[WHAT YOU NEED TO DO] Copy every entry as is. Leave images out.

[DATA FOR THE TASK Boundary: Start]

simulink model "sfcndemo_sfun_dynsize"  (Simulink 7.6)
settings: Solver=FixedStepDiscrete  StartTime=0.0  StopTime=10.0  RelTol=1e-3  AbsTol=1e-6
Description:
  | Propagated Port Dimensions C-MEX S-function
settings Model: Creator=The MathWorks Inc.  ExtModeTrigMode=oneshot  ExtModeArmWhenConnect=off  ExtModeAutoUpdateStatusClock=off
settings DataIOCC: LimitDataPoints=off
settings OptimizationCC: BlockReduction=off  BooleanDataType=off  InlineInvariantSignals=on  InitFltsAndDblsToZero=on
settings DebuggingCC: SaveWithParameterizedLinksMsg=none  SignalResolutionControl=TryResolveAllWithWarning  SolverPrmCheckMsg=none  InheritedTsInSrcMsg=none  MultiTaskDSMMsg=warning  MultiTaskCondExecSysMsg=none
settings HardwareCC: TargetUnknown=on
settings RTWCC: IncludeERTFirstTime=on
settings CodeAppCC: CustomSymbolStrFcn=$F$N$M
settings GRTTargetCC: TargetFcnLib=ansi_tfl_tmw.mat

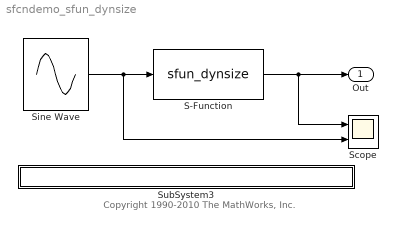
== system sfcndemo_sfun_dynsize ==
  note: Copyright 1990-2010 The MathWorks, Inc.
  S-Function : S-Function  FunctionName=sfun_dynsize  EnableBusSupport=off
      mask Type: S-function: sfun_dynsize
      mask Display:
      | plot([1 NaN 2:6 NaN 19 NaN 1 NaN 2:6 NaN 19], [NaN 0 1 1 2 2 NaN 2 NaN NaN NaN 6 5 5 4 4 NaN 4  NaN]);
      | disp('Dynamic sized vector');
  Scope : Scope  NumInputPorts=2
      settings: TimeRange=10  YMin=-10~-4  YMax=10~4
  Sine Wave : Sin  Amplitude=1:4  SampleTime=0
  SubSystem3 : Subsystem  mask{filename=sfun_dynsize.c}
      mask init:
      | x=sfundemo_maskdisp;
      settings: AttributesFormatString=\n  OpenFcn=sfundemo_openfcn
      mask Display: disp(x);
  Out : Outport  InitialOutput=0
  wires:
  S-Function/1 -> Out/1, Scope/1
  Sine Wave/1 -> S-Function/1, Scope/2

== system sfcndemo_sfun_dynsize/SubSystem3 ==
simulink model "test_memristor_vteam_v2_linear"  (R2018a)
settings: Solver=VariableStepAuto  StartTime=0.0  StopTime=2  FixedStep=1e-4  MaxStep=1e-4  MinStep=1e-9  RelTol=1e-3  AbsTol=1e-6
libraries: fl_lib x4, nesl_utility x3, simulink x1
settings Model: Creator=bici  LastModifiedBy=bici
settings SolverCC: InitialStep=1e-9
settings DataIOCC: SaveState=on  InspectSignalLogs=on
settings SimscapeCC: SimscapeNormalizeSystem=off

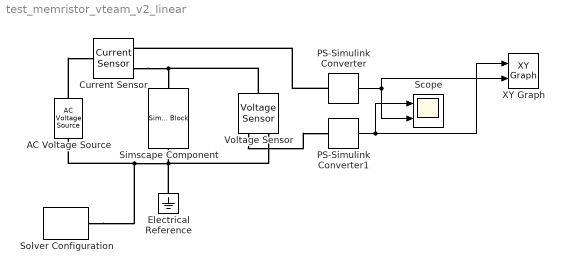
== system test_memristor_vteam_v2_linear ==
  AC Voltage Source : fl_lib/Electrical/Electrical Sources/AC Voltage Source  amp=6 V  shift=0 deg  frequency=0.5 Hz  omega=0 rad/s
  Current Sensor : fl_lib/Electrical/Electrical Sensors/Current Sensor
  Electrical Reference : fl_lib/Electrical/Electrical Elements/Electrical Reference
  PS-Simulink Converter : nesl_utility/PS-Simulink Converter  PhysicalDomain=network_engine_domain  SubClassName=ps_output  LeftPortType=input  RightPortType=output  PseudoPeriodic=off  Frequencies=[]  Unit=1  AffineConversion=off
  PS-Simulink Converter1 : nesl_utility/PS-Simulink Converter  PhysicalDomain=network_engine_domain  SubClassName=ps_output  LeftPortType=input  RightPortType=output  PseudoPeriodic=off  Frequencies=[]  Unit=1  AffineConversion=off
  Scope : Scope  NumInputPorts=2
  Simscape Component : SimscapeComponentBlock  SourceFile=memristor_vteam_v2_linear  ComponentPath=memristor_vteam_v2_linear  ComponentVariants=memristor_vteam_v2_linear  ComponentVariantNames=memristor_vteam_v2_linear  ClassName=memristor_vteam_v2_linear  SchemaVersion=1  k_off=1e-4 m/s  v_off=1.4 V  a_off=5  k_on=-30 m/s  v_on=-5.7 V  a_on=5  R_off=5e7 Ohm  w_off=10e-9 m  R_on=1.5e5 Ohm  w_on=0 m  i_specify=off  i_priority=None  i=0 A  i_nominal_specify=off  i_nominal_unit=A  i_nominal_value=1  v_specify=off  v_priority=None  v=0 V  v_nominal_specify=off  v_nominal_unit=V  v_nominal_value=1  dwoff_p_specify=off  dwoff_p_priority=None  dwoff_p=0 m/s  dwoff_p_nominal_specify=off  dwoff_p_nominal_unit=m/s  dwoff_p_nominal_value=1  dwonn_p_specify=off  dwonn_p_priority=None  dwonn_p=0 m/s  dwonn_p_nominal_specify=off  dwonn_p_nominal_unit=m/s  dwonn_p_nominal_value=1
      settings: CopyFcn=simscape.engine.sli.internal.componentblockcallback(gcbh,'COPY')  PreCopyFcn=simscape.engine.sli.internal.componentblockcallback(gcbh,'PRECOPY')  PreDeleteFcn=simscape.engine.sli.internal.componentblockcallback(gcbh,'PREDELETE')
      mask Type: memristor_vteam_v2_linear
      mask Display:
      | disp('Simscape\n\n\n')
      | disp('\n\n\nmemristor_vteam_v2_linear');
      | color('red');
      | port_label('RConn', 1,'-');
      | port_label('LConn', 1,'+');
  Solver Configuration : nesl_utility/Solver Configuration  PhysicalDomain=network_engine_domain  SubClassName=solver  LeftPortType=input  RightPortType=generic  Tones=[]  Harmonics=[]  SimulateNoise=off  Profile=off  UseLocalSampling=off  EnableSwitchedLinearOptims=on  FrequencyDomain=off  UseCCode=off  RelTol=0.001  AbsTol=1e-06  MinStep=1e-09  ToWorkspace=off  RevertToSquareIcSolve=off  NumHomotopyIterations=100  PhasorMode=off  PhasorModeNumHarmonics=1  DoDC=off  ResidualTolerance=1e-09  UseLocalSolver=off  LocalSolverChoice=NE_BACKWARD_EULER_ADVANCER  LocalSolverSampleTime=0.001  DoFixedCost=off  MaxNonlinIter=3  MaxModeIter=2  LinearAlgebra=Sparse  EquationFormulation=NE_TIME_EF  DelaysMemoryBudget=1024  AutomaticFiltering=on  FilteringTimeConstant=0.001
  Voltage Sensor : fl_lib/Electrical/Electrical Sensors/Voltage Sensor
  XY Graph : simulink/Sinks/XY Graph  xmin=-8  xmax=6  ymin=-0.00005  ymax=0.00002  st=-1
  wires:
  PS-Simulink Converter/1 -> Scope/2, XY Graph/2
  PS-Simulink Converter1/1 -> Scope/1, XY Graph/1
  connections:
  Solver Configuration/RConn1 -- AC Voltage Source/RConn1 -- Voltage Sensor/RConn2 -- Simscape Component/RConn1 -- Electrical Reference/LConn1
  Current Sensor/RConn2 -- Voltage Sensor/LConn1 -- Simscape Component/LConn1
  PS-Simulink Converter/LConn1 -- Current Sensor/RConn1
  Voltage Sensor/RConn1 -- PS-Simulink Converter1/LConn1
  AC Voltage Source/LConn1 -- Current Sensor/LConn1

[DATA FOR THE TASK Boundary: End]

[TASK OUTPUT]
simulink model "sfcndemo_sfun_dynsize"  (Simulink 7.6)
settings: Solver=FixedStepDiscrete  StartTime=0.0  StopTime=10.0  RelTol=1e-3  AbsTol=1e-6
Description:
  | Propagated Port Dimensions C-MEX S-function
settings Model: Creator=The MathWorks Inc.  ExtModeTrigMode=oneshot  ExtModeArmWhenConnect=off  ExtModeAutoUpdateStatusClock=off
settings DataIOCC: LimitDataPoints=off
settings OptimizationCC: BlockReduction=off  BooleanDataType=off  InlineInvariantSignals=on  InitFltsAndDblsToZero=on
settings DebuggingCC: SaveWithParameterizedLinksMsg=none  SignalResolutionControl=TryResolveAllWithWarning  SolverPrmCheckMsg=none  InheritedTsInSrcMsg=none  MultiTaskDSMMsg=warning  MultiTaskCondExecSysMsg=none
settings HardwareCC: TargetUnknown=on
settings RTWCC: IncludeERTFirstTime=on
settings CodeAppCC: CustomSymbolStrFcn=$F$N$M
settings GRTTargetCC: TargetFcnLib=ansi_tfl_tmw.mat

== system sfcndemo_sfun_dynsize ==
  note: Copyright 1990-2010 The MathWorks, Inc.
  S-Function : S-Function  FunctionName=sfun_dynsize  EnableBusSupport=off
      mask Type: S-function: sfun_dynsize
      mask Display:
      | plot([1 NaN 2:6 NaN 19 NaN 1 NaN 2:6 NaN 19], [NaN 0 1 1 2 2 NaN 2 NaN NaN NaN 6 5 5 4 4 NaN 4  NaN]);
      | disp('Dynamic sized vector');
  Scope : Scope  NumInputPorts=2
      settings: TimeRange=10  YMin=-10~-4  YMax=10~4
  Sine Wave : Sin  Amplitude=1:4  SampleTime=0
  SubSystem3 : Subsystem  mask{filename=sfun_dynsize.c}
      mask init:
      | x=sfundemo_maskdisp;
      settings: AttributesFormatString=\n  OpenFcn=sfundemo_openfcn
      mask Display: disp(x);
  Out : Outport  InitialOutput=0
  wires:
  S-Function/1 -> Out/1, Scope/1
  Sine Wave/1 -> S-Function/1, Scope/2

== system sfcndemo_sfun_dynsize/SubSystem3 ==
simulink model "test_memristor_vteam_v2_linear"  (R2018a)
settings: Solver=VariableStepAuto  StartTime=0.0  StopTime=2  FixedStep=1e-4  MaxStep=1e-4  MinStep=1e-9  RelTol=1e-3  AbsTol=1e-6
libraries: fl_lib x4, nesl_utility x3, simulink x1
settings Model: Creator=bici  LastModifiedBy=bici
settings SolverCC: InitialStep=1e-9
settings DataIOCC: SaveState=on  InspectSignalLogs=on
settings SimscapeCC: SimscapeNormalizeSystem=off

== system test_memristor_vteam_v2_linear ==
  AC Voltage Source : fl_lib/Electrical/Electrical Sources/AC Voltage Source  amp=6 V  shift=0 deg  frequency=0.5 Hz  omega=0 rad/s
  Current Sensor : fl_lib/Electrical/Electrical Sensors/Current Sensor
  Electrical Reference : fl_lib/Electrical/Electrical Elements/Electrical Reference
  PS-Simulink Converter : nesl_utility/PS-Simulink Converter  PhysicalDomain=network_engine_domain  SubClassName=ps_output  LeftPortType=input  RightPortType=output  PseudoPeriodic=off  Frequencies=[]  Unit=1  AffineConversion=off
  PS-Simulink Converter1 : nesl_utility/PS-Simulink Converter  PhysicalDomain=network_engine_domain  SubClassName=ps_output  LeftPortType=input  RightPortType=output  PseudoPeriodic=off  Frequencies=[]  Unit=1  AffineConversion=off
  Scope : Scope  NumInputPorts=2
  Simscape Component : SimscapeComponentBlock  SourceFile=memristor_vteam_v2_linear  ComponentPath=memristor_vteam_v2_linear  ComponentVariants=memristor_vteam_v2_linear  ComponentVariantNames=memristor_vteam_v2_linear  ClassName=memristor_vteam_v2_linear  SchemaVersion=1  k_off=1e-4 m/s  v_off=1.4 V  a_off=5  k_on=-30 m/s  v_on=-5.7 V  a_on=5  R_off=5e7 Ohm  w_off=10e-9 m  R_on=1.5e5 Ohm  w_on=0 m  i_specify=off  i_priority=None  i=0 A  i_nominal_specify=off  i_nominal_unit=A  i_nominal_value=1  v_specify=off  v_priority=None  v=0 V  v_nominal_specify=off  v_nominal_unit=V  v_nominal_value=1  dwoff_p_specify=off  dwoff_p_priority=None  dwoff_p=0 m/s  dwoff_p_nominal_specify=off  dwoff_p_nominal_unit=m/s  dwoff_p_nominal_value=1  dwonn_p_specify=off  dwonn_p_priority=None  dwonn_p=0 m/s  dwonn_p_nominal_specify=off  dwonn_p_nominal_unit=m/s  dwonn_p_nominal_value=1
      settings: CopyFcn=simscape.engine.sli.internal.componentblockcallback(gcbh,'COPY')  PreCopyFcn=simscape.engine.sli.internal.componentblockcallback(gcbh,'PRECOPY')  PreDeleteFcn=simscape.engine.sli.internal.componentblockcallback(gcbh,'PREDELETE')
      mask Type: memristor_vteam_v2_linear
      mask Display:
      | disp('Simscape\n\n\n')
      | disp('\n\n\nmemristor_vteam_v2_linear');
      | color('red');
      | port_label('RConn', 1,'-');
      | port_label('LConn', 1,'+');
  Solver Configuration : nesl_utility/Solver Configuration  PhysicalDomain=network_engine_domain  SubClassName=solver  LeftPortType=input  RightPortType=generic  Tones=[]  Harmonics=[]  SimulateNoise=off  Profile=off  UseLocalSampling=off  EnableSwitchedLinearOptims=on  FrequencyDomain=off  UseCCode=off  RelTol=0.001  AbsTol=1e-06  MinStep=1e-09  ToWorkspace=off  RevertToSquareIcSolve=off  NumHomotopyIterations=100  PhasorMode=off  PhasorModeNumHarmonics=1  DoDC=off  ResidualTolerance=1e-09  UseLocalSolver=off  LocalSolverChoice=NE_BACKWARD_EULER_ADVANCER  LocalSolverSampleTime=0.001  DoFixedCost=off  MaxNonlinIter=3  MaxModeIter=2  LinearAlgebra=Sparse  EquationFormulation=NE_TIME_EF  DelaysMemoryBudget=1024  AutomaticFiltering=on  FilteringTimeConstant=0.001
  Voltage Sensor : fl_lib/Electrical/Electrical Sensors/Voltage Sensor
  XY Graph : simulink/Sinks/XY Graph  xmin=-8  xmax=6  ymin=-0.00005  ymax=0.00002  st=-1
  wires:
  PS-Simulink Converter/1 -> Scope/2, XY Graph/2
  PS-Simulink Converter1/1 -> Scope/1, XY Graph/1
  connections:
  Solver Configuration/RConn1 -- AC Voltage Source/RConn1 -- Voltage Sensor/RConn2 -- Simscape Component/RConn1 -- Electrical Reference/LConn1
  Current Sensor/RConn2 -- Voltage Sensor/LConn1 -- Simscape Component/LConn1
  PS-Simulink Converter/LConn1 -- Current Sensor/RConn1
  Voltage Sensor/RConn1 -- PS-Simulink Converter1/LConn1
  AC Voltage Source/LConn1 -- Current Sensor/LConn1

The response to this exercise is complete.